# Beetel 450Bx1 ADSL2 +Router



## roger141 (Nov 8, 2013)

I have Beetel 450BX1 ADSL2+ Router,i forgot its security Key for wi-fi connectivity.then i decided to update its frimware because i was not able to obtained "_Advanced Setup_"and "_wireless_" option. i tried many frimware but i could not make through them.
condition is something like that iam inserting an image so that it will more clear to You.
please send me the appropiate solution as soon as you can .
thanking you 
Roger141


----------



## Deejay100six (Nov 24, 2007)

Hi Roger, :wavey: and welcome to TSF.

According to site rules, I don't think we would be able to help you.



> ILLEGAL ACTIVITIES
> Users may not post hacks, cracks, or give instruction how to pirate any type of software, or anything similar, in any forum of TSF. We do not condone, support or give instruction on any illegal activity pertaining to computer systems, computer hardware, computer software programs or computer related activities. *Included in this group of activities are requests for help to circumvent system admin passwords or Administrator settings on networks.

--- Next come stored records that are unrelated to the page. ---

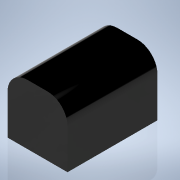
# Autodesk Inventor part: Servo
Saved by Autodesk Inventor 2021 (Build 250183000, 183)
## iProperties
Created: 2021-03-23
Part Number: Servo
Material: Generic
Document SubType Name: Modeling
Designer: calst
Density: 1 g/cm^3
Appearance: Glossy - Black
Author: calst
Autodesk Inventor part; units mm, degrees
ref_plane "YZ Plane" through (0, 0, 0) normal (1, 0, 0) x (0, 1, 0)
ref_plane "XZ Plane" through (0, 0, 0) normal (0, 1, 0) x (-1, 0, 0)
ref_plane "XY Plane" through (0, 0, 0) normal (0, 0, 1) x (1, 0, 0)
sketch "Sketch1" plane through (0, 0, 0) normal (0, 1, 0) x (-1, 0, 0)
  line L0 (-30, 45) -> (30, 45)
  line L1 (30, 45) -> (30, -45)
  line L2 (30, -45) -> (-30, -45)
  line L3 (-30, -45) -> (-30, 45)
  line L4 (-30, 45) -> (30, -45) construction
  line L5 (30, 45) -> (-30, -45) construction
  point P0 (0, 0)
  dimension "d0" = 90
  dimension "d1" = 60
  constraints: 12 end point, 2 midpoint, 2 parallel, 1 horizontal, 1 perpendicular
  measures "d0" distance of L0.end L1.end
  measures "d1" distance of L0.start L0.end
extrude "Extrusion1" add sketch "Sketch1" along normal blind 60
fillet "Fillet1" radius 20 2 edges at (30, 60, 0) (-30, 60, 0)
sketch "Sketch2" plane through (30, 0, -45) normal (0, 0, -1) x (-1, 0, 0)
  circle A0 centre (30, 30) radius 10
  point P0 (30, 0)
  dimension "d6" = 20
  constraints: 1 centre point
  measures "d6" diameter of A0
extrude "Extrusion2" add sketch "Sketch2" along normal blind 15
sketch "Sketch3" plane through (0, 30, -60) normal (0, 0, -1) x (-1, 0, 0)
  circle A0 centre (0, 0) radius 10 projected
  circle A1 centre (0, 10) radius 1
  circle A2 centre (-4.0674, 9.1355) radius 1
  circle A3 centre (-7.4314, 6.6913) radius 1
  circle A4 centre (-9.5106, 3.0902) radius 1
  circle A5 centre (-9.9452, -1.0453) radius 1
  circle A6 centre (-8.6603, -5) radius 1
  circle A7 centre (-5.8779, -8.0902) radius 1
  circle A8 centre (-2.0791, -9.7815) radius 1
  circle A9 centre (2.0791, -9.7815) radius 1
  circle A10 centre (5.8779, -8.0902) radius 1
  circle A11 centre (8.6603, -5) radius 1
  circle A12 centre (9.9452, -1.0453) radius 1
  circle A13 centre (9.5106, 3.0902) radius 1
  circle A14 centre (7.4314, 6.6913) radius 1
  circle A15 centre (4.0674, 9.1355) radius 1
  point P0 (0, -30)
  dimension "d9" = 2
  dimension "d12" = 360
  constraints: 15 centre point, 2 coincident, 1 vertical alignment, 45 other
  measures "d9" diameter of A1
extrude "Extrusion3" cut sketch "Sketch3" against normal blind 30 contours A13 A0 | A0 A13 | A12 A0 | A0 A12 | A14 A0 | A0 A14 | A11 A0 | A0 A11 | A15 A0 | A0 A15 | A10 A0 | A0 A10 | A1 A0 | A0 A1 | A9 A0 | A0 A9 | A2 A0 | A0 A2 | A8 A0 | A0 A8 | A3 A0 | A0 A3 | A7 A0 | A0 A7 | A4 A0 | A0 A4 | A6 A0 | A0 A6 | A5 A0 | A0 A5
sketch "Sketch4" plane through (30, 0, -45) normal (0, 0, -1) x (-1, 0, 0)
  circle A0 centre (30, 30) radius 10.4769
  circle A1 centre (30, 30) radius 10
  line L0 (0, 0) -> (60, 0) projected
  point P0 (30, 0)
  dimension "d16" = 20
  dimension "d19" = 30
  dimension "d20" = 30
  constraints: 2 centre point, 1 coincident
  measures "d16" diameter of A1
  measures "d19" distance of point (30, 0) A1.centre
  measures "d20" distance from line of L0 A0.centre
extrude "Extrusion4" cut sketch "Sketch4" against normal blind 15
body "Solid1"

We do understand that the majority of requests may be legitimate, but we do not have the means to discern these from non-legitimate requests.*


----------



## Masterchiefxx17 (Feb 27, 2010)

As explained above, we can not assist with bypassing your password but you can use the reset button on the router to restore the router to factory settings.


----------



## Wrench97 (May 10, 2008)

Firmware updates have to be done using a wired connection, but if a existing feature is no longer available I high doubt updating the firmware is a solution in fact it will probably brick the device.
If using the reset button did not reset it, it's time to replace it.

We do not provide help with password issues continuing to report the posts will not be beneficial.


----------